Exercise instructions = The records are to be repeated in full, with the images removed.

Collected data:
....................
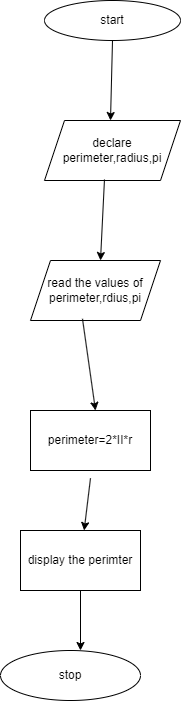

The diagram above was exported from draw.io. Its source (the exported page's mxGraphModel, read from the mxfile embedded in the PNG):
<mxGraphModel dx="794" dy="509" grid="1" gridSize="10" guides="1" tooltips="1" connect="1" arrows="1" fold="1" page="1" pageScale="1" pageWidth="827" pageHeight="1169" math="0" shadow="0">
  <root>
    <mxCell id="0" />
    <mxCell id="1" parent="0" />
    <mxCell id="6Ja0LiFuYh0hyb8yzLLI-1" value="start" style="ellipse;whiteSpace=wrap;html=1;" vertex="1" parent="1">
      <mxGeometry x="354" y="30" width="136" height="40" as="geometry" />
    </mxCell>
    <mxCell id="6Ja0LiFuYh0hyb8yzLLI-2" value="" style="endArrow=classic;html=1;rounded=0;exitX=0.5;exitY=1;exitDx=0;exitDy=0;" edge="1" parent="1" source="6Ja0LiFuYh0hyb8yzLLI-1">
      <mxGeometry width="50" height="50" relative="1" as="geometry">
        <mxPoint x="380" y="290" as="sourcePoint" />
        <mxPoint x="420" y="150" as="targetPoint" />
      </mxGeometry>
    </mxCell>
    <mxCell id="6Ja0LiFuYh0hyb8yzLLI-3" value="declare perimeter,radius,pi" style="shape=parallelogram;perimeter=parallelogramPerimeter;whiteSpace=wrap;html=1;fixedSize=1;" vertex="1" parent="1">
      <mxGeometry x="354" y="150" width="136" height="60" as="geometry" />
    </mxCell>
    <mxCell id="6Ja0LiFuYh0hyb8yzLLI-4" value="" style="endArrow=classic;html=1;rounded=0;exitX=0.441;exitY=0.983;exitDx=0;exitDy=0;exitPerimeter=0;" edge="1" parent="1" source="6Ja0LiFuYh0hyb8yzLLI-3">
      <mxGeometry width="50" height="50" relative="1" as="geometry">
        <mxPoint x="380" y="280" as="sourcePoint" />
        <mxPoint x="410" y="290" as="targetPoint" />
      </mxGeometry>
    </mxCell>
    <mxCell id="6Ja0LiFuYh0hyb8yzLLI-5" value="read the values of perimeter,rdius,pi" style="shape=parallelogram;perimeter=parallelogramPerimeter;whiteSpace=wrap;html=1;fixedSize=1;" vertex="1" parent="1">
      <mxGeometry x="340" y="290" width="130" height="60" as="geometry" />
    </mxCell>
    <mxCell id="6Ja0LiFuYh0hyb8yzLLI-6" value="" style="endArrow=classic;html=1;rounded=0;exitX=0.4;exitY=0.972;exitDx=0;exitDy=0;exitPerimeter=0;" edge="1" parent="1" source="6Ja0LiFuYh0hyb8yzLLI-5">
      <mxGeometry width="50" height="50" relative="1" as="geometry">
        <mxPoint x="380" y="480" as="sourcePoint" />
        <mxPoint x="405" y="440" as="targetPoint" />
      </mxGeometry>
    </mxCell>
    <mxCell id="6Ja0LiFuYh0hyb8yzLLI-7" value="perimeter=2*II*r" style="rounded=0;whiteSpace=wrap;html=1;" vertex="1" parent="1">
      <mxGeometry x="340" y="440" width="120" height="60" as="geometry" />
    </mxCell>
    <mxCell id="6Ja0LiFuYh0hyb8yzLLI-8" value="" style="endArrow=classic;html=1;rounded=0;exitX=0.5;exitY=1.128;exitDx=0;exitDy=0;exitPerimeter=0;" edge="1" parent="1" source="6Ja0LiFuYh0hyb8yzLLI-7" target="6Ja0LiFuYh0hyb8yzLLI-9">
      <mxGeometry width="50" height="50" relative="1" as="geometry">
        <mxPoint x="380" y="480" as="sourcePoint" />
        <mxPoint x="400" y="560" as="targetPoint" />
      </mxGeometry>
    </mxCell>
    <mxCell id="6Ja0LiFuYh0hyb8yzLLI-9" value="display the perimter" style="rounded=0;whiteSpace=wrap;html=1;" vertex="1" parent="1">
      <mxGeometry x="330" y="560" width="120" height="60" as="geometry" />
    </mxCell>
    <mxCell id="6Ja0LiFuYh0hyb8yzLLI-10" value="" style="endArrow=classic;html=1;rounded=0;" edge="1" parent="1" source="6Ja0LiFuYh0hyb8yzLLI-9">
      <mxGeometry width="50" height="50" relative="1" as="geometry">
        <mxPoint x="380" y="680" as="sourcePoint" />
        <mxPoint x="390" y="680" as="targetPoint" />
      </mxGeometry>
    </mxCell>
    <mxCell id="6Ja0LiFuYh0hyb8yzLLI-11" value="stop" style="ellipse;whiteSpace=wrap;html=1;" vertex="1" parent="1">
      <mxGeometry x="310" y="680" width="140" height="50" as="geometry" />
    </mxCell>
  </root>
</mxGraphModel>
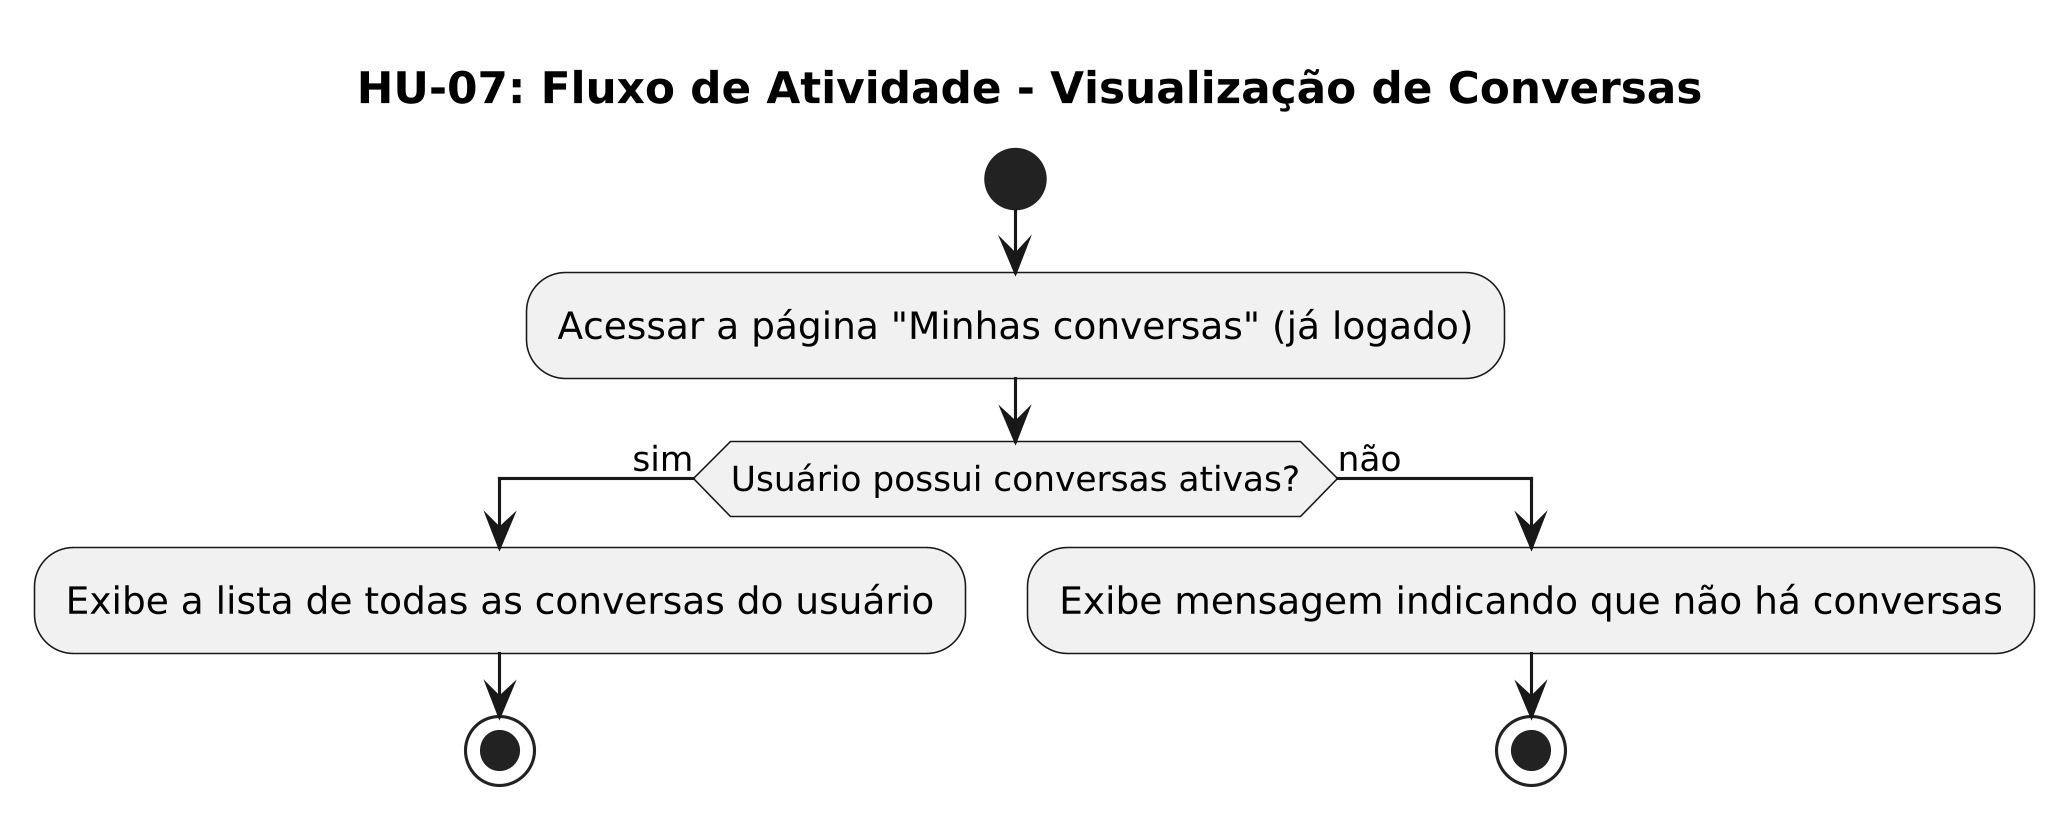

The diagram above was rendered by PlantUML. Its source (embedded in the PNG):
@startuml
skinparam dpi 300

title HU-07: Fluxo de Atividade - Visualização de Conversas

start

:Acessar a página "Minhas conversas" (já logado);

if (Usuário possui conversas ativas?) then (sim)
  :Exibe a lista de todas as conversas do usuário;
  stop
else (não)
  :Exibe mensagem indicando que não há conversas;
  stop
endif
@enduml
....................
Response to the task =
The diagram above was exported from draw.io. Its source (the exported page's mxGraphModel, read from the mxfile embedded in the PNG):
<mxGraphModel dx="794" dy="509" grid="1" gridSize="10" guides="1" tooltips="1" connect="1" arrows="1" fold="1" page="1" pageScale="1" pageWidth="827" pageHeight="1169" math="0" shadow="0">
  <root>
    <mxCell id="0" />
    <mxCell id="1" parent="0" />
    <mxCell id="6Ja0LiFuYh0hyb8yzLLI-1" value="start" style="ellipse;whiteSpace=wrap;html=1;" vertex="1" parent="1">
      <mxGeometry x="354" y="30" width="136" height="40" as="geometry" />
    </mxCell>
    <mxCell id="6Ja0LiFuYh0hyb8yzLLI-2" value="" style="endArrow=classic;html=1;rounded=0;exitX=0.5;exitY=1;exitDx=0;exitDy=0;" edge="1" parent="1" source="6Ja0LiFuYh0hyb8yzLLI-1">
      <mxGeometry width="50" height="50" relative="1" as="geometry">
        <mxPoint x="380" y="290" as="sourcePoint" />
        <mxPoint x="420" y="150" as="targetPoint" />
      </mxGeometry>
    </mxCell>
    <mxCell id="6Ja0LiFuYh0hyb8yzLLI-3" value="declare perimeter,radius,pi" style="shape=parallelogram;perimeter=parallelogramPerimeter;whiteSpace=wrap;html=1;fixedSize=1;" vertex="1" parent="1">
      <mxGeometry x="354" y="150" width="136" height="60" as="geometry" />
    </mxCell>
    <mxCell id="6Ja0LiFuYh0hyb8yzLLI-4" value="" style="endArrow=classic;html=1;rounded=0;exitX=0.441;exitY=0.983;exitDx=0;exitDy=0;exitPerimeter=0;" edge="1" parent="1" source="6Ja0LiFuYh0hyb8yzLLI-3">
      <mxGeometry width="50" height="50" relative="1" as="geometry">
        <mxPoint x="380" y="280" as="sourcePoint" />
        <mxPoint x="410" y="290" as="targetPoint" />
      </mxGeometry>
    </mxCell>
    <mxCell id="6Ja0LiFuYh0hyb8yzLLI-5" value="read the values of perimeter,rdius,pi" style="shape=parallelogram;perimeter=parallelogramPerimeter;whiteSpace=wrap;html=1;fixedSize=1;" vertex="1" parent="1">
      <mxGeometry x="340" y="290" width="130" height="60" as="geometry" />
    </mxCell>
    <mxCell id="6Ja0LiFuYh0hyb8yzLLI-6" value="" style="endArrow=classic;html=1;rounded=0;exitX=0.4;exitY=0.972;exitDx=0;exitDy=0;exitPerimeter=0;" edge="1" parent="1" source="6Ja0LiFuYh0hyb8yzLLI-5">
      <mxGeometry width="50" height="50" relative="1" as="geometry">
        <mxPoint x="380" y="480" as="sourcePoint" />
        <mxPoint x="405" y="440" as="targetPoint" />
      </mxGeometry>
    </mxCell>
    <mxCell id="6Ja0LiFuYh0hyb8yzLLI-7" value="perimeter=2*II*r" style="rounded=0;whiteSpace=wrap;html=1;" vertex="1" parent="1">
      <mxGeometry x="340" y="440" width="120" height="60" as="geometry" />
    </mxCell>
    <mxCell id="6Ja0LiFuYh0hyb8yzLLI-8" value="" style="endArrow=classic;html=1;rounded=0;exitX=0.5;exitY=1.128;exitDx=0;exitDy=0;exitPerimeter=0;" edge="1" parent="1" source="6Ja0LiFuYh0hyb8yzLLI-7" target="6Ja0LiFuYh0hyb8yzLLI-9">
      <mxGeometry width="50" height="50" relative="1" as="geometry">
        <mxPoint x="380" y="480" as="sourcePoint" />
        <mxPoint x="400" y="560" as="targetPoint" />
      </mxGeometry>
    </mxCell>
    <mxCell id="6Ja0LiFuYh0hyb8yzLLI-9" value="display the perimter" style="rounded=0;whiteSpace=wrap;html=1;" vertex="1" parent="1">
      <mxGeometry x="330" y="560" width="120" height="60" as="geometry" />
    </mxCell>
    <mxCell id="6Ja0LiFuYh0hyb8yzLLI-10" value="" style="endArrow=classic;html=1;rounded=0;" edge="1" parent="1" source="6Ja0LiFuYh0hyb8yzLLI-9">
      <mxGeometry width="50" height="50" relative="1" as="geometry">
        <mxPoint x="380" y="680" as="sourcePoint" />
        <mxPoint x="390" y="680" as="targetPoint" />
      </mxGeometry>
    </mxCell>
    <mxCell id="6Ja0LiFuYh0hyb8yzLLI-11" value="stop" style="ellipse;whiteSpace=wrap;html=1;" vertex="1" parent="1">
      <mxGeometry x="310" y="680" width="140" height="50" as="geometry" />
    </mxCell>
  </root>
</mxGraphModel>

The diagram above was rendered by PlantUML. Its source (embedded in the PNG):
@startuml
skinparam dpi 300

title HU-07: Fluxo de Atividade - Visualização de Conversas

start

:Acessar a página "Minhas conversas" (já logado);

if (Usuário possui conversas ativas?) then (sim)
  :Exibe a lista de todas as conversas do usuário;
  stop
else (não)
  :Exibe mensagem indicando que não há conversas;
  stop
endif
@enduml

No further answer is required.